USA Truck Inc. of Van Buren is joining the electric vehicle movement.
The company announced Wednesday that it was acquiring 10 battery-electric trucks from Nikola Corp. of Salt Lake City through its Thompson Truck Centers subsidiary. Thompson, which is based in Nashville, Tennessee, will provide the sale and service of the tractors.
USA Truck CEO James Reed said the company has been researching alternative-fuel tractors for several years and decided the time was right to make its first foray. The vehicle model USA Truck is acquiring, the Nikola Tre BEV, has a 350-mile range, can haul 82,000 pounds and takes two hours to recharge, according to the Nikola website.
As an electric-powered vehicle it has zero emissions.
“Our strategy in respect to technology has always been to be a fast follower,” Reed said. “We don’t believe there will be any single ubiquitous solution where you wake up one morning and everybody says, ‘Oh, you have to use these electric trucks.’ It is not practical based on the assets that are out there. Because we intend to be a fast follower, it behooves us to do some research and get to know the various options that are out there.”

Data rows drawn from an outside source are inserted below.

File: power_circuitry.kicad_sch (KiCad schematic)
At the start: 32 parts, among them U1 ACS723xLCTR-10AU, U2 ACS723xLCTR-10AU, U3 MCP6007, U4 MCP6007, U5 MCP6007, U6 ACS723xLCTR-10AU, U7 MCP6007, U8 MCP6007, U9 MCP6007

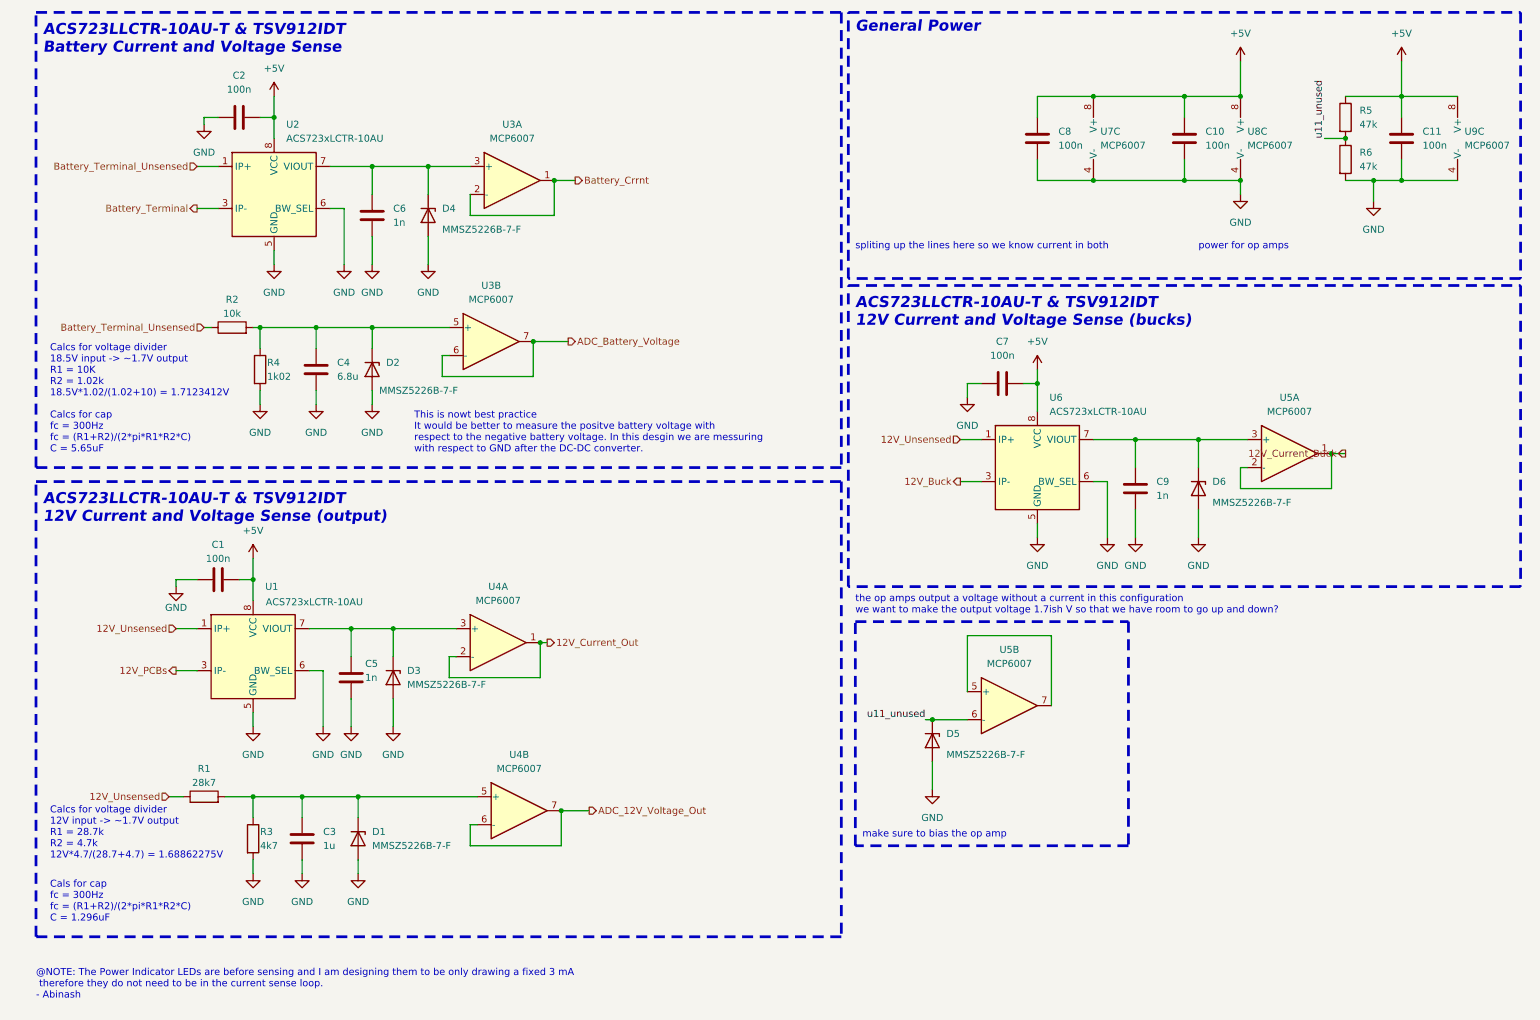
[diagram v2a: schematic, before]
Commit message: transferred correct schematics to rev2
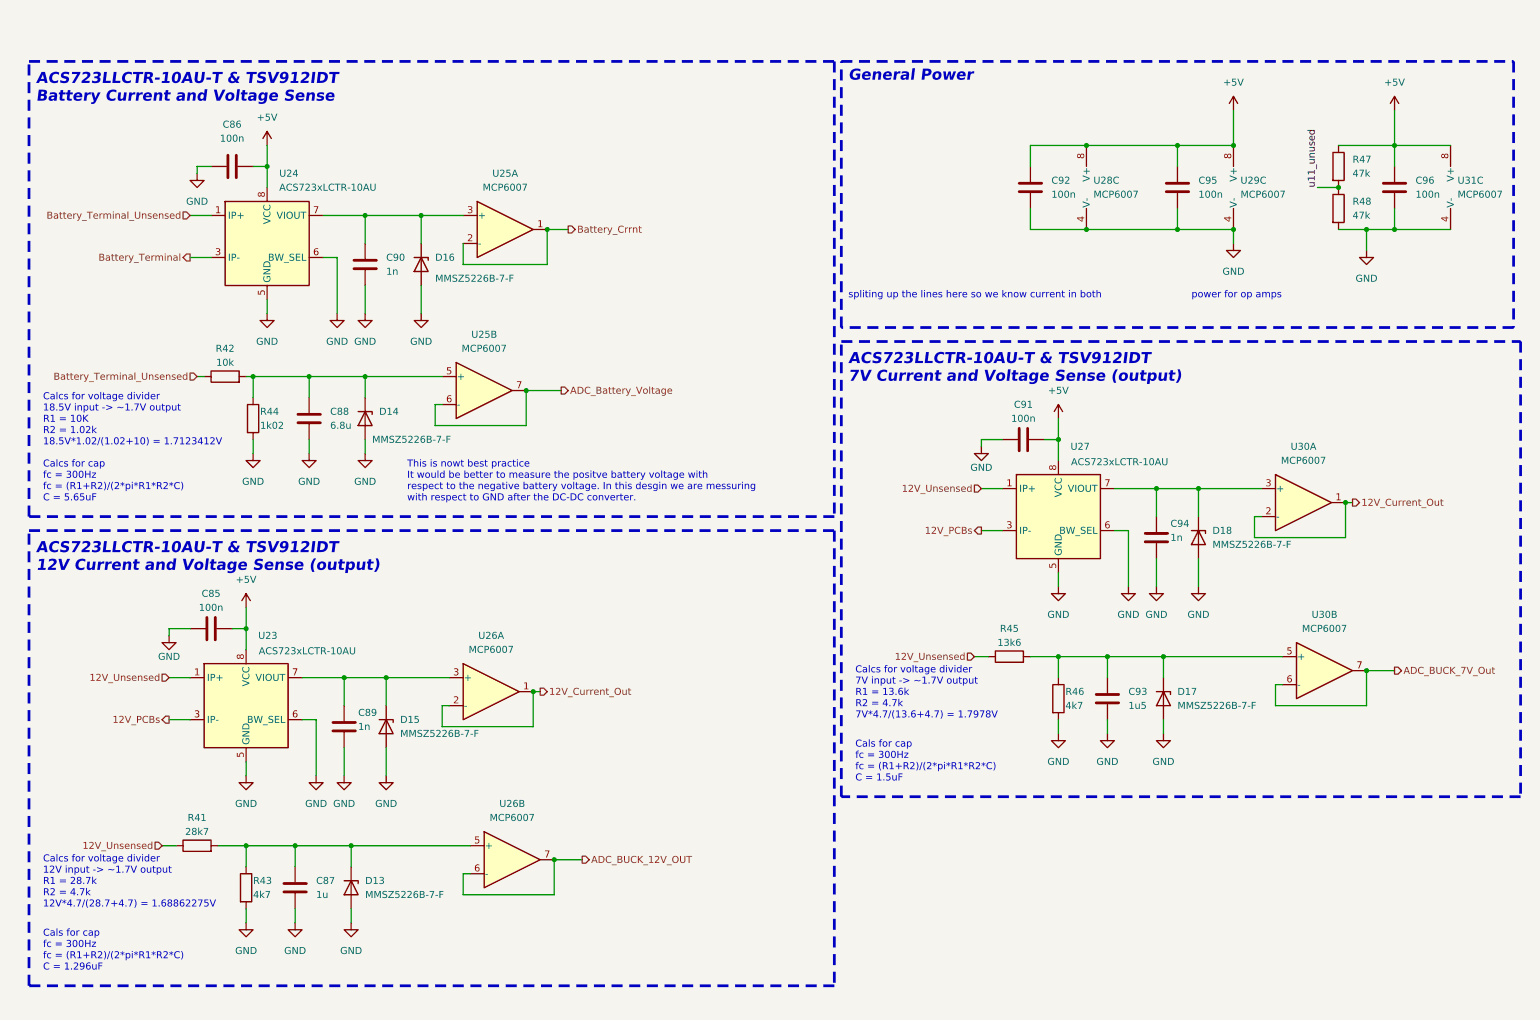
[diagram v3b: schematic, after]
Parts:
- removed C1, C10, C11, C7, C8: 100n, Capacitor_SMD:C_0603_1608Metric, symbol Device:C
- removed C2: 100n, Capacitor_SMD:C_0402_1005Metric, symbol Device:C
- removed C3: 1u, Capacitor_SMD:C_0603_1608Metric, symbol Device:C
- removed C4: 6.8u, Capacitor_SMD:C_0603_1608Metric, symbol Device:C
- removed C5, C6, C9: 1n, Capacitor_SMD:C_0402_1005Metric, symbol Device:C
- removed D1, D2, D3, D4, D5, D6: MMSZ5226B-7-F, Diode_SMD:D_SOD-123, symbol Device:D_Zener
- removed R1: 28k7, Resistor_SMD:R_0603_1608Metric, symbol Device:R
- removed R2: 10k, Resistor_SMD:R_0603_1608Metric, symbol Device:R
- removed R3: 4k7, Resistor_SMD:R_0603_1608Metric, symbol Device:R
- removed R4: 1k02, Resistor_SMD:R_0603_1608Metric, symbol Device:R
- removed R5, R6: 47k, Resistor_SMD:R_0805_2012Metric, symbol Device:R
- removed U1, U2, U6: ACS723xLCTR-10AU, Package_SO:SOIC-8_3.9x4.9mm_P1.27mm, symbol Sensor_Current:ACS723xLCTR-10AU
- removed U3, U4, U5: MCP6007, Package_SO:SOIC-8_3.9x4.9mm_P1.27mm, symbol ecocad_lib_symbols:MCP6007
- removed U7, U8, U9: MCP6007, BP_FTP:SO8_STM, symbol Amplifier_Operational:TSV912IDT
- added C85, C86, C91, C92, C95, C96: 100n, Capacitor_SMD:C_0603_1608Metric, symbol Device:C
- added C87: 1u, Capacitor_SMD:C_0603_1608Metric, symbol Device:C
- added C88: 6.8u, Capacitor_SMD:C_0603_1608Metric, symbol Device:C
- added C89, C90, C94: 1n, Capacitor_SMD:C_0402_1005Metric, symbol Device:C
- added C93: 1u5, Capacitor_SMD:C_0603_1608Metric, symbol Device:C
- added D13, D14, D15, D16, D17, D18: MMSZ5226B-7-F, Diode_SMD:D_SOD-123, symbol Device:D_Zener
- added R41: 28k7, Resistor_SMD:R_0603_1608Metric, symbol Device:R
- added R42: 10k, Resistor_SMD:R_0603_1608Metric, symbol Device:R
- added R43, R46: 4k7, Resistor_SMD:R_0603_1608Metric, symbol Device:R
- added R44: 1k02, Resistor_SMD:R_0603_1608Metric, symbol Device:R
- added R45: 13k6, Resistor_SMD:R_0603_1608Metric, symbol Device:R
- added R47, R48: 47k, Resistor_SMD:R_0805_2012Metric, symbol Device:R
- added U23, U24, U27: ACS723xLCTR-10AU, Package_SO:SOIC-8_3.9x4.9mm_P1.27mm, symbol Sensor_Current:ACS723xLCTR-10AU
- added U25, U26, U30: MCP6007, Package_SO:SOIC-8_3.9x4.9mm_P1.27mm, symbol ecocad_lib_symbols:MCP6007
- added U28, U29, U31: MCP6007, Package_SO:SOIC-8_3.9x4.9mm_P1.27mm, symbol Amplifier_Operational:TSV912IDT
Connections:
- net +5V: now also C85.1, C86.2, C91.1, C92.1, C95.1, C96.1, R47.1, U23.8 (VCC), U24.8 (VCC), U27.8 (VCC), U28.8 (V+), U29.8 (V+), U31.8 (V+)
- net 12V_Current_Out: now also U26.1, U26.2 (-), U30.1, U30.2 (-)
- net 12V_PCBs: now also U23.3 (IP-), U23.4 (IP-), U27.3 (IP-), U27.4 (IP-)
- net 12V_Unsensed: now also R41.1, R45.1, U23.1 (IP+), U23.2 (IP+), U27.1 (IP+), U27.2 (IP+)
- net ADC_Battery_Voltage: now also U25.6 (-), U25.7
- net Battery_Crrnt: now also U25.1, U25.2 (-)
- net Battery_Terminal: now also U24.3 (IP-), U24.4 (IP-)
- net Battery_Terminal_Unsensed: now also R42.1, U24.1 (IP+), U24.2 (IP+)
- net GND: now also C85.2, C86.1, C87.2, C88.2, C89.2, C90.2, C91.2, C92.2, C93.2, C94.2, C95.2, C96.2, D13.2 (A), D14.2 (A), D15.2 (A), D16.2 (A), D17.2 (A), D18.2 (A), R43.2, R44.2, R46.2, R48.2, U23.5 (GND), U23.6 (BW_SEL), U24.5 (GND), U24.6 (BW_SEL), U27.5 (GND), U27.6 (BW_SEL), U28.4 (V-), U29.4 (V-), U31.4 (V-)
- net u11_unused: now also R47.2, R48.1
- new net: C93.1, D17.1 (K), R45.2, R46.1, U30.5 (+)
- new net: C94.1, D18.1 (K), U27.7 (VIOUT), U30.3 (+)
- new net: C90.1, D16.1 (K), U24.7 (VIOUT), U25.3 (+)
- new net: C88.1, D14.1 (K), R42.2, R44.1, U25.5 (+)
- new net: C89.1, D15.1 (K), U23.7 (VIOUT), U26.3 (+)
- new net: C87.1, D13.1 (K), R41.2, R43.1, U26.5 (+)
- new net ADC_BUCK_12V_OUT: U26.6 (-), U26.7
- new net ADC_BUCK_7V_Out: U30.6 (-), U30.7
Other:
- note added: "ACS723LLCTR-10AU-T & TSV912IDT 7V Current and Voltage Sense (output)"
- note added: "Calcs for voltage divider 7V input -> ~1.7V output R1 = 13.6k R2 = 4.7k 7V*4.7/(13.6+4.7) = 1.7978V"
- note added: "Cals for cap fc = 300Hz fc = (R1+R2)/(2*pi*R1*R2*C) C = 1.5uF"
- note removed: "@NOTE: The Power Indicator LEDs are before sensing and I am designing them to be only drawing a fixed 3 mA therefore they do not need to be in the current sense loop. - Abinash"
- note removed: "ACS723LLCTR-10AU-T & TSV912IDT 12V Current and Voltage Sense (bucks)"
- note removed: "make sure to bias the op amp"
- note removed: "the op amps output a voltage without a current in this configuration we want to make the output voltage 1.7ish V so that we have room to go up and down?"

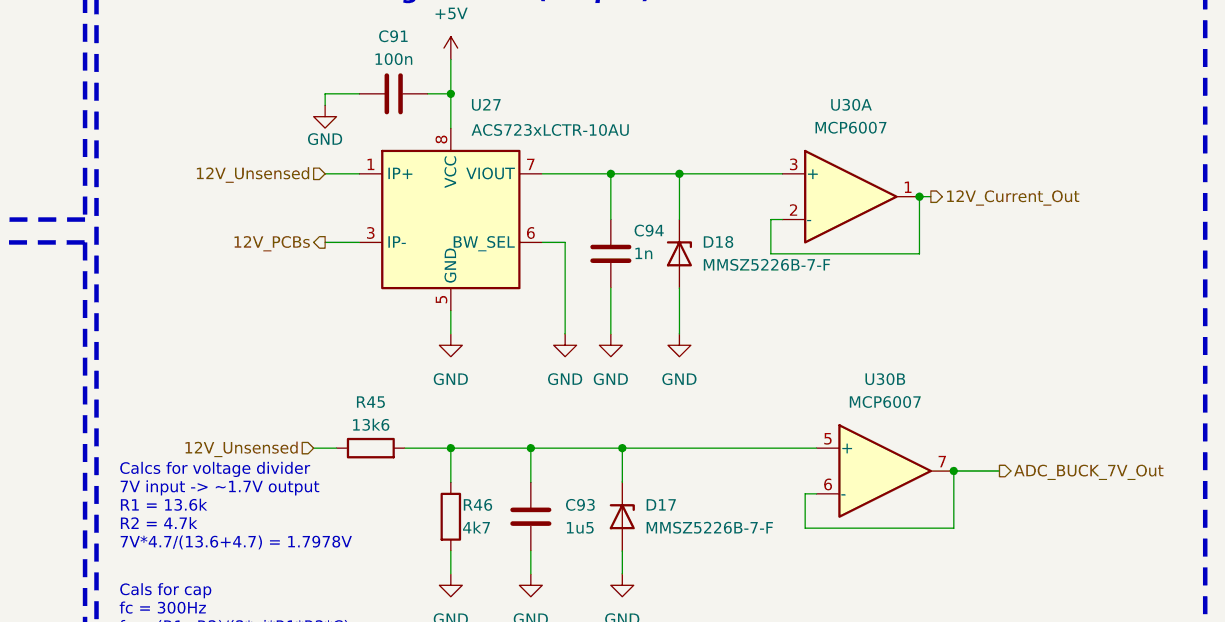
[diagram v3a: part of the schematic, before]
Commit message: Fixed missing symbols and 7V sensor labels
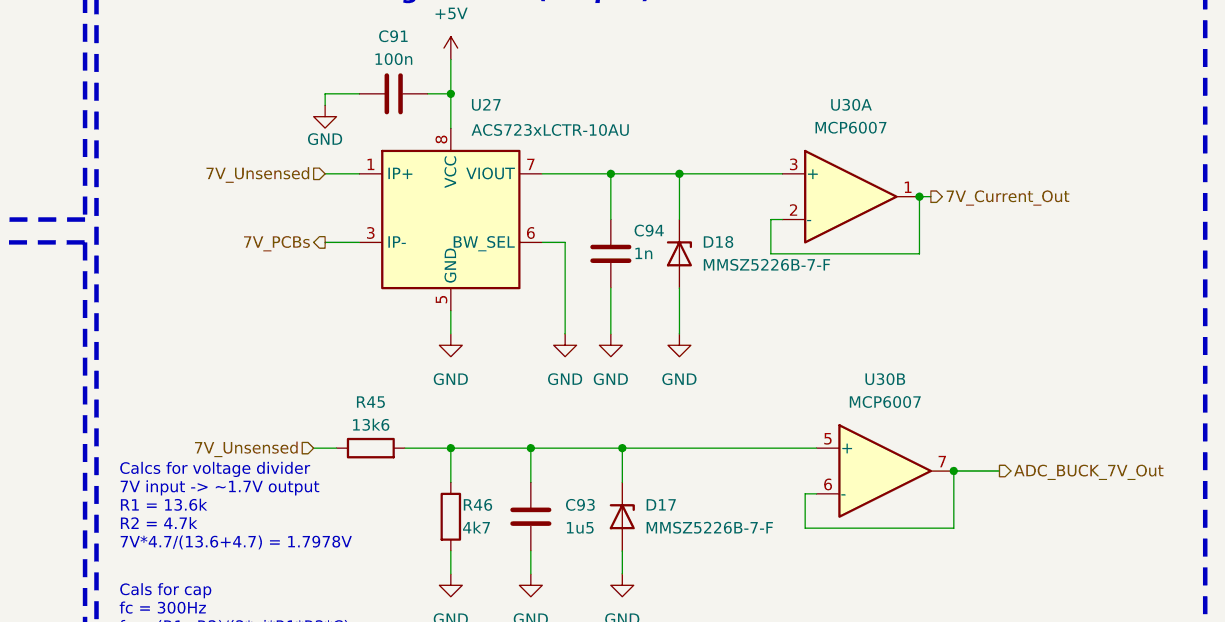
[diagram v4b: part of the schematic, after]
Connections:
- net 12V_Current_Out: no longer U30.1, U30.2 (-)
- net 12V_PCBs: no longer U27.3 (IP-), U27.4 (IP-)
- net 12V_Unsensed: no longer R45.1, U27.1 (IP+), U27.2 (IP+)
- new net 7V_Current_Out: U30.1, U30.2 (-)
- new net 7V_PCBs: U27.3 (IP-), U27.4 (IP-)
- new net 7V_Unsensed: R45.1, U27.1 (IP+), U27.2 (IP+)
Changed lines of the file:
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@@
 		)
 	)
-	(hierarchical_label "12V_Unsensed"
+	(hierarchical_label "7V_Unsensed"
 		(shape input)
 		(at 184.15 129.54 180)
@@
 		)
 	)
-	(hierarchical_label "12V_Unsensed"
+	(hierarchical_label "7V_Unsensed"
 		(shape input)
 		(at 185.42 99.06 180)
@@
 		)
 	)
-	(hierarchical_label "12V_PCBs"
+	(hierarchical_label "7V_PCBs"
 		(shape output)
 		(at 185.42 106.68 180)
@@
 		)
 	)
-	(hierarchical_label "12V_Current_Out"
+	(hierarchical_label "7V_Current_Out"
 		(shape output)
 		(at 252.73 101.6 0)

Reed said USA Truck representatives met with Nikola executives and toured the company’s manufacturing facilities. Reed and the company’s maintenance team test-drove the BEV tractor.
The BEV tractor’s relative short-distance capabilities and Thompson’s service locations being in Tennessee mean the trucks will be put to use in USA Truck’s Arkansas-Tennessee-Mississippi theater of operations, Reed said.
“We will have to try them in a very specific configuration,” Reed said.
Reed said using zero-emission trucks is a good fit for the company’s environmental initiatives. The company reported about 1,900 available tractors at the end of its third quarter in September 2020, so 10 zero-emission trucks will constitute a tiny percentage of the fleet.
That’s an inescapable fact of zero-emission tractors in the transportation industry. Most companies and their executives would love to use environmentally safe vehicles, but until the technology makes them economically viable, they will be an impossible sell.
The BEV tractors reportedly sell for more than $250,000 each and, while USA Truck didn’t disclose the price it’s paying, Reed said there is an agreement with Nikola to make the cost “agnostic,” meaning the BEV tractors won’t cost more than a diesel tractor.
USA Truck’s agreement gives the company the option of purchasing another 90 tractors during the next two years. Reed said USA Truck hopes to put the first 10 into operation in the third quarter of fiscal 2022, which is roughly the summer months.
“I believe in the Hippocratic Oath of trucking: First, do no harm,” Reed said. “The metrics that will be important for these trucks are the exact same metrics that we look at for current trucks. This gives us a nice safety net to explore this without any undue concerns about economics. For us, all the same metrics apply. It has got to be at least as good as the viable option.”
For a publicly traded company, the most important motto is, of course, “First, lose no money.”
In September, Craig Harper appeared on University of Arkansas’ “Business Integrity School” podcast and spoke about how electric vehicles just aren’t economically feasible for large-scale use at companies. Harper is the chief sustainability officer at J.B. Hunt Transport Services Inc. of Lowell and a good friend of Reed’s.
“I consider Craig one of my closest friends in Arkansas, and I think he is wise and I think he is right,” Reed said. “You can’t compromise your company’s profitability to be on the leading edge. In a commoditized business, there is no first mover advantage. We understand that.
“I don’t want to put Nikola or Thompson Cat in a weird position, but they are being very forward-looking about this opportunity with us. It’s a win-win for us. They get their technology out there, and we get to try it.”